Month: March 2018

Another Stopped Clock Moment

Over at the 2nd worst OP/ED page in the nation, they are wringing their hands at the demise of the most transparent CIA front in history, the National Endowment for Democracy:

Speaking to the British Parliament in 1982, President Ronald Reagan called on the United States “to foster the infrastructure of democracy” to help ensure that people around the world were empowered to determine their own fates. Now, at this increasingly fraught moment for freedom around the world, the Trump administration wants to dismantle that infrastructure.

Buried in the State Department’s fiscal 2019 budget request is a proposal not only to slash the budget of the National Endowment for Democracy but also to disassemble its relationships with its core institutes, including the National Democratic Institute and the International Republican Institute.
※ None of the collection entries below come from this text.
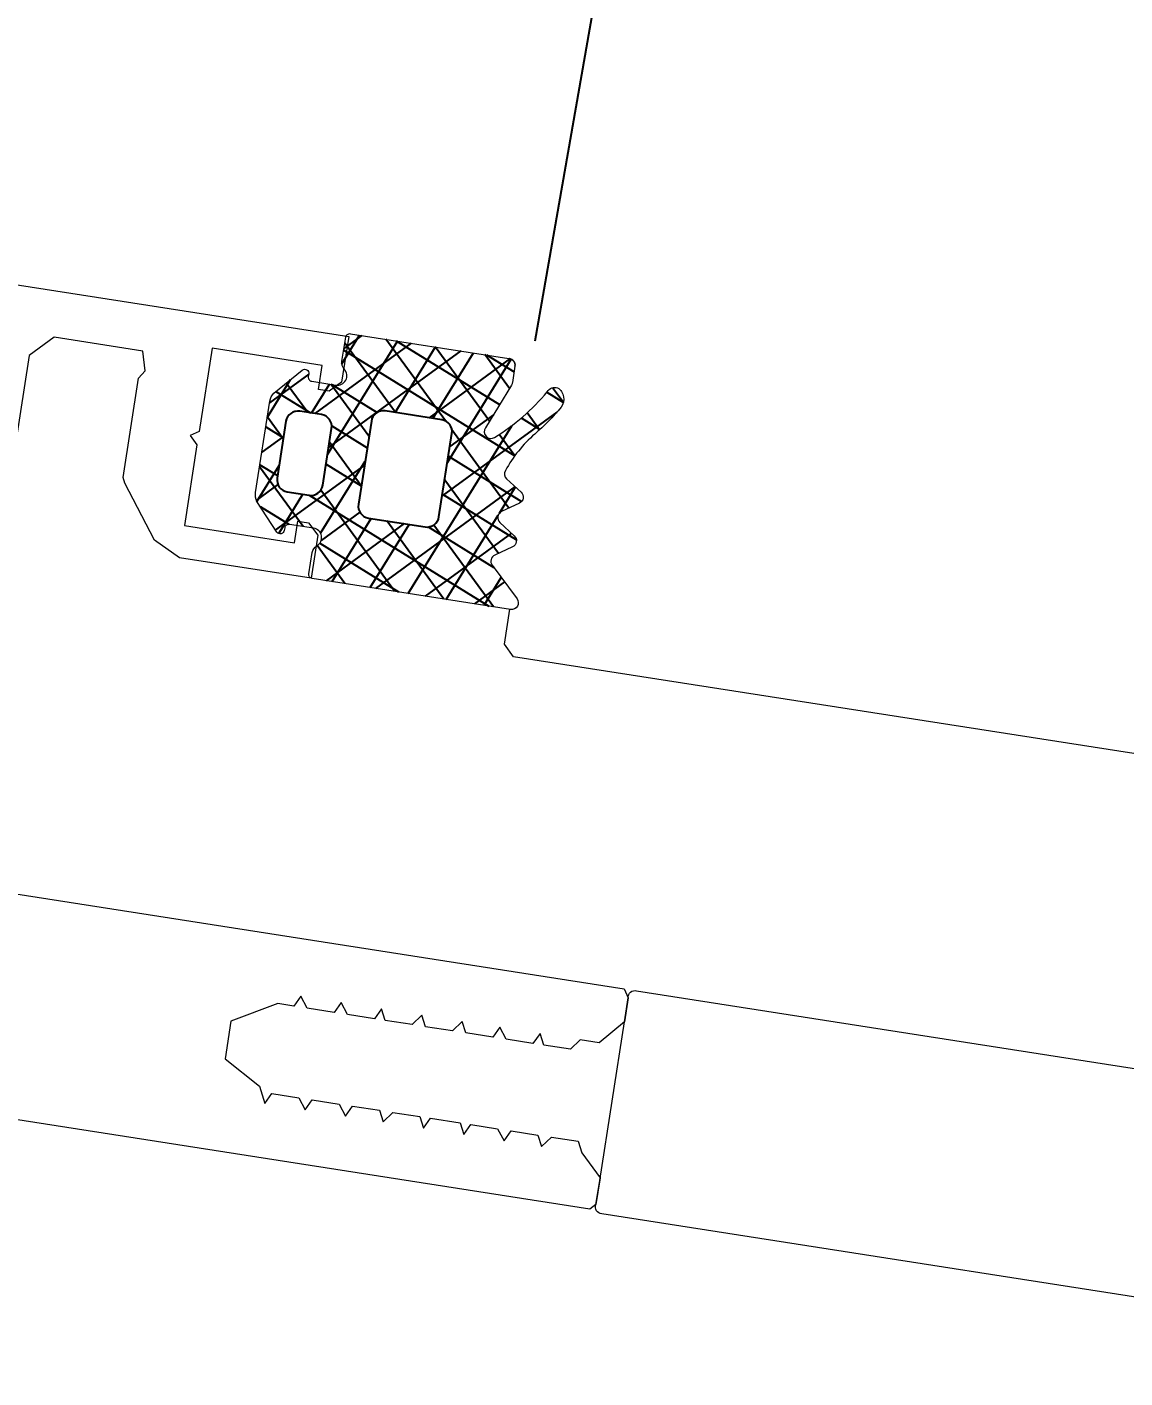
# Model space of a CAD drawing. Header units: millimetres. Extents: x -8689834 to 9419935, y 0 to 135940.
# Drawn here: x -53102.5 to -53053.3, y 112716.4 to 112777 of the extents above; entities that cross this region are included whole.
import ezdxf
from ezdxf import colors
from ezdxf.entities.mleader import LeaderData, LeaderLine
from ezdxf.math import Vec2, Vec3

# ---------------------------------------------------------------- set-up
doc = ezdxf.new("R2010")
doc.units = ezdxf.units.MM
doc.header["$MEASUREMENT"] = 0
doc.layers.get('0').update_dxf_attribs({"color": 250, "lineweight": 9})
doc.layers.add('АР_новое окно', color=155, linetype='Continuous')
for name, color, linetype, lineweight in [('АР_Окна', 4, 'Continuous', 0), ('АР_Отметки', 250, 'Continuous', 15), ('АР_Сущ Несущая стена', 216, 'Continuous', 30)]:
    doc.layers.add(name, color=color, linetype=linetype, lineweight=lineweight)
doc.layers.get('0').freeze()
doc.styles.add('ISOCPEUR', font='isocpeur.ttf', dxfattribs={"width": 0.7})

# ---------------------------------------------------------------- blocks, each defined once
blk = doc.blocks.new('_DotSmall')
at = {"color": 0, "linetype": 'ByBlock', "const_width": 0.5}
blk.add_lwpolyline([(-0.0625, 0, 1), (0.0625, 0, 1)], format="xyb", close=True, dxfattribs=at)
blk = doc.blocks.new('стойка витр.')
h = blk.add_hatch()
h.set_pattern_fill('ANSI37', scale=0.5, angle=-69.23283665521843)
h.set_pattern_definition([(335.7671633447816, (-69115.31625940584, 318510.9409690977), (0.6515825639889636, 1.447617495164233), []), (65.76716334478155, (-69115.31625940584, 318510.9409690977), (-1.447617495164233, 0.6515825639889636), [])])
edge = h.paths.add_edge_path()
edge.add_line((-22.69442369043827, 14.13646889062511), (-23.03581465108437, 15.03674084689555))
edge.add_arc((-23.43472203482704, 14.88552442783714), 0.426606969231953, 20.76054121617168, 72.29995807937499)
edge.add_arc((-23.17519432072194, 15.69843630689562), 0.4267278803337561, 110.7639791014305, 252.28796188313498, ccw=False)
edge.add_line((-23.32647754022037, 16.09744767434313), (-22.30045238576713, 16.48652534212306))
edge.add_arc((-22.23557122191811, 16.31559297980009), 0.1828317202011609, 20.74895968860318, 110.7853670150393, ccw=False)
edge.add_line((-22.06459766681655, 16.38036551539699), (-22.02136925791274, 16.26636916297139))
edge.add_arc((-21.85036169383434, 16.33121481389334), 0.1828894349477776, 200.7666051414026, 335.7779732891441)
edge.add_line((-21.68357339510112, 16.25618009645405), (-21.08991230116226, 17.78525728297245))
edge.add_arc((-21.70321396183568, 17.95657679537892), 0.6367804192309714, 344.3928406199507, 381.7248777476984)
edge.add_line((-21.1116628201562, 18.19228116337763), (-22.58147269752226, 22.06827310883818))
edge.add_arc((-23.18057156739388, 21.852472630542), 0.6367804192296693, 19.80944894391843, 57.14148607166609)
edge.add_line((-22.83507592984824, 22.38737642259366), (-24.29334917705273, 23.13834224954917))
edge.add_arc((-24.36844682475663, 22.97158227615987), 0.1828894349476184, 65.75635339884347, 200.7677215648203)
edge.add_line((-24.53945312526776, 22.90673329312267), (-24.49622471639304, 22.79273694081348))
edge.add_arc((-24.66715707872659, 22.7278557770023), 0.1828317201976129, -69.25104032206309, 20.78536700277641, ccw=False)
edge.add_line((-24.60238454316277, 22.55688222189201), (-25.62840969761601, 22.16780455411208))
edge.add_arc((-25.77973726672901, 22.56679910380675), 0.4267278803402734, 149.2463648073436, 290.7703475895543, ccw=False)
edge.add_arc((-26.51302534269302, 23.00322659508151), 0.4266069692186295, 329.2343686070108, 380.7737854734352)
edge.add_line((-26.11415292418678, 23.1545352198882), (-26.50320860397187, 24.18050239048171))
edge.add_arc((-26.6741821590871, 24.11572985494814), 0.1828317201915107, 20.74895966852365, 110.7853670116034)
edge.add_line((-26.73906332292245, 24.28666221726598), (-33.46508004333009, 21.73609814226074))
edge.add_arc((-33.37260125833668, 21.44478009969028), 0.3056444463767395, 107.6120180140902, 200.6882886899978)
edge.add_line((-33.6585366082727, 21.33680091994756), (-33.39916615508264, 20.65282280623796))
edge.add_arc((-33.11489203283651, 20.76049792175978), 0.3039830703862393, 200.7452912846324, 225.8123610097134)
edge.add_line((-33.32677140043234, 20.54252351805917), (-31.79381202385412, 18.90709041146329))
edge.add_arc((-32.0063560722166, 18.68866847666476), 0.3047673113958362, -108.86283880448178, 45.781400895661875, ccw=False)
edge.add_arc((-28.70749382052437, 27.75544220980088), 9.952967568180252, 231.9543329511108, 250.0411665169116, ccw=False)
edge.add_arc((-35.13741779119496, 19.64784166335459), 0.4002801790554734, 42.30928712460122, 119.2250395725891)
edge.add_arc((-34.91139847875967, 19.56672148584141), 0.6024183835395109, 134.3950067436913, 228.6478049676944)
edge.add_arc((-28.53884731806517, 27.80771469972205), 11.01872594929672, 232.0873456721725, 240.8889416158169)
edge.add_arc((-36.88860151399224, 12.8729826853881), 6.091684827127049, 40.75890454826748, 60.61437004968877, ccw=False)
edge.add_arc((-32.50226594848368, 16.64775385941913), 0.3047655738188228, -34.89587558046088, 41.60271899476669, ccw=False)
edge.add_line((-32.25229934006347, 16.47340148731018), (-32.76342180219945, 15.75802363698313))
edge.add_arc((-32.51342051808022, 15.58368567090239), 0.3047857747310843, 145.1100748179471, 256.4242518685471)
edge.add_line((-32.58496309185284, 15.28741547561367), (-31.72801335877739, 15.09082250765641))
edge.add_arc((-31.79955593254474, 14.79455231235153), 0.3047857747455557, -34.88992517811971, 76.42425187022229, ccw=False)
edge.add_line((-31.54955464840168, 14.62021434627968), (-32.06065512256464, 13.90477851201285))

For the NED and those institutes, the proposal is an assault not only on their organizations but also on the pro-democracy mission they are dedicated to.

“If implemented, the proposal would gut the program, force crippling layoffs and the symbolic meaning would also be shattering, sending a signal far and wide that the United States is turning its back on supporting brave people who share our values,” said NED President Carl Gershman.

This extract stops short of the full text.